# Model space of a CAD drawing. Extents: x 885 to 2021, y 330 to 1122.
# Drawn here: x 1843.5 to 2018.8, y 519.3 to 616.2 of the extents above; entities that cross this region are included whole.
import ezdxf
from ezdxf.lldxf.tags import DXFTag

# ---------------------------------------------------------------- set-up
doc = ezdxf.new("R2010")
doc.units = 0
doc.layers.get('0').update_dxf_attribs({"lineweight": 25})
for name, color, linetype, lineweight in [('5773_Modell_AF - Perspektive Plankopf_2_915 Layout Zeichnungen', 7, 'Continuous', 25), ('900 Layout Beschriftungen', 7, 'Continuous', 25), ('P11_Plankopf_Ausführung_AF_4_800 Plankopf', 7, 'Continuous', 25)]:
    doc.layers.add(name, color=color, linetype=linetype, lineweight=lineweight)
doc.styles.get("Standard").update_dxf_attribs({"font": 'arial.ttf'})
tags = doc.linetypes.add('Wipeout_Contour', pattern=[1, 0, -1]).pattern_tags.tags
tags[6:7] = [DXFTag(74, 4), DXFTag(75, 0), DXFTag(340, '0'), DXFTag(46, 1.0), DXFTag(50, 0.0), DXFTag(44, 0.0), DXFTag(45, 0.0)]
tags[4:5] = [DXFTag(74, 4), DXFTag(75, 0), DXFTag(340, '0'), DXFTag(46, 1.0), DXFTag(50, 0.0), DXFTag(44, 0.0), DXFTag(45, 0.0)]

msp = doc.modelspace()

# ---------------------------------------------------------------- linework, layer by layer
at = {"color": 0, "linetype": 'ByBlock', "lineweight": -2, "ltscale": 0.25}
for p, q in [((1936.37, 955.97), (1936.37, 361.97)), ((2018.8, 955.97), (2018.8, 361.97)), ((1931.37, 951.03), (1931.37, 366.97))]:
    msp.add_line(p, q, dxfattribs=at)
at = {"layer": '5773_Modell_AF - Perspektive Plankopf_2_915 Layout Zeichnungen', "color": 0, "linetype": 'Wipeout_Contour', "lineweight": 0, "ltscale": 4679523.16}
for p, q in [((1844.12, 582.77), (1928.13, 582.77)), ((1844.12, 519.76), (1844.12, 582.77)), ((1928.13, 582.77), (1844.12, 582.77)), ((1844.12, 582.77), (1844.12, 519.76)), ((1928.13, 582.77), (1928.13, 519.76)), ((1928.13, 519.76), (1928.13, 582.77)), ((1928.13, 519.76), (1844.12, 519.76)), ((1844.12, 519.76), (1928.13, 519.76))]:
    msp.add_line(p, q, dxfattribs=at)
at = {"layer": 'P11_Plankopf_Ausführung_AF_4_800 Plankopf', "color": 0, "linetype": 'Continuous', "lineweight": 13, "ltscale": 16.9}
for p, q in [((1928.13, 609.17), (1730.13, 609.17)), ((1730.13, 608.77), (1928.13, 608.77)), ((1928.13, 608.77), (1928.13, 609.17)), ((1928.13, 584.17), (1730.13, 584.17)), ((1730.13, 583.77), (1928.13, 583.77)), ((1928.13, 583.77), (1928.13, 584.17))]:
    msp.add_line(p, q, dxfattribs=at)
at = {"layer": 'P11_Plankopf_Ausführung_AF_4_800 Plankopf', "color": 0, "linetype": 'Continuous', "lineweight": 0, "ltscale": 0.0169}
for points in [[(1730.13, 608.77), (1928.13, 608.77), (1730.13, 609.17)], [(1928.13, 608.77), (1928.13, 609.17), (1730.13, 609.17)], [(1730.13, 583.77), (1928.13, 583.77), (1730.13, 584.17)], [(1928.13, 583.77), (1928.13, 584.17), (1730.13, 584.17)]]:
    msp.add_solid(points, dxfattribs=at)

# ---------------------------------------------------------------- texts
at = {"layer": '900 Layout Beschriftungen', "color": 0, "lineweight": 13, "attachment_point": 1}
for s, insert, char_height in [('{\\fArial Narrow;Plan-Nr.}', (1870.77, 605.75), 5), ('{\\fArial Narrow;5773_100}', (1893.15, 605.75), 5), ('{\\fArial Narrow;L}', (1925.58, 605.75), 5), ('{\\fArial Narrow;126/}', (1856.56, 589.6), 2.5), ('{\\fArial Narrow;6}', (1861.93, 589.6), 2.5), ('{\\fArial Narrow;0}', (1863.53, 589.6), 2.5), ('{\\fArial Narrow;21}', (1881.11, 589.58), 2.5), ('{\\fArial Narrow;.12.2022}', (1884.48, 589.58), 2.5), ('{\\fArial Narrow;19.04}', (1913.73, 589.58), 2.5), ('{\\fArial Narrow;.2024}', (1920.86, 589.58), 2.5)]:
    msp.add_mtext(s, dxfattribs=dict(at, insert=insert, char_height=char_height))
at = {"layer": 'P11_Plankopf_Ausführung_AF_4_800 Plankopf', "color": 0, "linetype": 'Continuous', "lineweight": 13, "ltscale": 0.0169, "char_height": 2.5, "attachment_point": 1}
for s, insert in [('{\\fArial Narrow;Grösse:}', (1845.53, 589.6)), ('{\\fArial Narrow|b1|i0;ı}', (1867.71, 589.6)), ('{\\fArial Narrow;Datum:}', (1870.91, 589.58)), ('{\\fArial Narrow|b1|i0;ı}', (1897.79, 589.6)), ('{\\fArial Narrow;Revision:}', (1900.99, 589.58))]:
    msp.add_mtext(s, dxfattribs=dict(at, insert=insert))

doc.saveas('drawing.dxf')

===

Requirement -
The only acceptable answer is the full set of entries, repeated exactly.

Solution for this problem -
# Model space of a CAD drawing. Extents: x 885 to 2021, y 330 to 1122.
# Drawn here: x 1843.5 to 2018.8, y 519.3 to 616.2 of the extents above; entities that cross this region are included whole.
import ezdxf
from ezdxf.lldxf.tags import DXFTag

# ---------------------------------------------------------------- set-up
doc = ezdxf.new("R2010")
doc.units = 0
doc.layers.get('0').update_dxf_attribs({"lineweight": 25})
for name, color, linetype, lineweight in [('5773_Modell_AF - Perspektive Plankopf_2_915 Layout Zeichnungen', 7, 'Continuous', 25), ('900 Layout Beschriftungen', 7, 'Continuous', 25), ('P11_Plankopf_Ausführung_AF_4_800 Plankopf', 7, 'Continuous', 25)]:
    doc.layers.add(name, color=color, linetype=linetype, lineweight=lineweight)
doc.styles.get("Standard").update_dxf_attribs({"font": 'arial.ttf'})
tags = doc.linetypes.add('Wipeout_Contour', pattern=[1, 0, -1]).pattern_tags.tags
tags[6:7] = [DXFTag(74, 4), DXFTag(75, 0), DXFTag(340, '0'), DXFTag(46, 1.0), DXFTag(50, 0.0), DXFTag(44, 0.0), DXFTag(45, 0.0)]
tags[4:5] = [DXFTag(74, 4), DXFTag(75, 0), DXFTag(340, '0'), DXFTag(46, 1.0), DXFTag(50, 0.0), DXFTag(44, 0.0), DXFTag(45, 0.0)]

msp = doc.modelspace()

# ---------------------------------------------------------------- linework, layer by layer
at = {"color": 0, "linetype": 'ByBlock', "lineweight": -2, "ltscale": 0.25}
for p, q in [((1936.37, 955.97), (1936.37, 361.97)), ((2018.8, 955.97), (2018.8, 361.97)), ((1931.37, 951.03), (1931.37, 366.97))]:
    msp.add_line(p, q, dxfattribs=at)
at = {"layer": '5773_Modell_AF - Perspektive Plankopf_2_915 Layout Zeichnungen', "color": 0, "linetype": 'Wipeout_Contour', "lineweight": 0, "ltscale": 4679523.16}
for p, q in [((1844.12, 582.77), (1928.13, 582.77)), ((1844.12, 519.76), (1844.12, 582.77)), ((1928.13, 582.77), (1844.12, 582.77)), ((1844.12, 582.77), (1844.12, 519.76)), ((1928.13, 582.77), (1928.13, 519.76)), ((1928.13, 519.76), (1928.13, 582.77)), ((1928.13, 519.76), (1844.12, 519.76)), ((1844.12, 519.76), (1928.13, 519.76))]:
    msp.add_line(p, q, dxfattribs=at)
at = {"layer": 'P11_Plankopf_Ausführung_AF_4_800 Plankopf', "color": 0, "linetype": 'Continuous', "lineweight": 13, "ltscale": 16.9}
for p, q in [((1928.13, 609.17), (1730.13, 609.17)), ((1730.13, 608.77), (1928.13, 608.77)), ((1928.13, 608.77), (1928.13, 609.17)), ((1928.13, 584.17), (1730.13, 584.17)), ((1730.13, 583.77), (1928.13, 583.77)), ((1928.13, 583.77), (1928.13, 584.17))]:
    msp.add_line(p, q, dxfattribs=at)
at = {"layer": 'P11_Plankopf_Ausführung_AF_4_800 Plankopf', "color": 0, "linetype": 'Continuous', "lineweight": 0, "ltscale": 0.0169}
for points in [[(1730.13, 608.77), (1928.13, 608.77), (1730.13, 609.17)], [(1928.13, 608.77), (1928.13, 609.17), (1730.13, 609.17)], [(1730.13, 583.77), (1928.13, 583.77), (1730.13, 584.17)], [(1928.13, 583.77), (1928.13, 584.17), (1730.13, 584.17)]]:
    msp.add_solid(points, dxfattribs=at)

# ---------------------------------------------------------------- texts
at = {"layer": '900 Layout Beschriftungen', "color": 0, "lineweight": 13, "attachment_point": 1}
for s, insert, char_height in [('{\\fArial Narrow;Plan-Nr.}', (1870.77, 605.75), 5), ('{\\fArial Narrow;5773_100}', (1893.15, 605.75), 5), ('{\\fArial Narrow;L}', (1925.58, 605.75), 5), ('{\\fArial Narrow;126/}', (1856.56, 589.6), 2.5), ('{\\fArial Narrow;6}', (1861.93, 589.6), 2.5), ('{\\fArial Narrow;0}', (1863.53, 589.6), 2.5), ('{\\fArial Narrow;21}', (1881.11, 589.58), 2.5), ('{\\fArial Narrow;.12.2022}', (1884.48, 589.58), 2.5), ('{\\fArial Narrow;19.04}', (1913.73, 589.58), 2.5), ('{\\fArial Narrow;.2024}', (1920.86, 589.58), 2.5)]:
    msp.add_mtext(s, dxfattribs=dict(at, insert=insert, char_height=char_height))
at = {"layer": 'P11_Plankopf_Ausführung_AF_4_800 Plankopf', "color": 0, "linetype": 'Continuous', "lineweight": 13, "ltscale": 0.0169, "char_height": 2.5, "attachment_point": 1}
for s, insert in [('{\\fArial Narrow;Grösse:}', (1845.53, 589.6)), ('{\\fArial Narrow|b1|i0;ı}', (1867.71, 589.6)), ('{\\fArial Narrow;Datum:}', (1870.91, 589.58)), ('{\\fArial Narrow|b1|i0;ı}', (1897.79, 589.6)), ('{\\fArial Narrow;Revision:}', (1900.99, 589.58))]:
    msp.add_mtext(s, dxfattribs=dict(at, insert=insert))

doc.saveas('drawing.dxf')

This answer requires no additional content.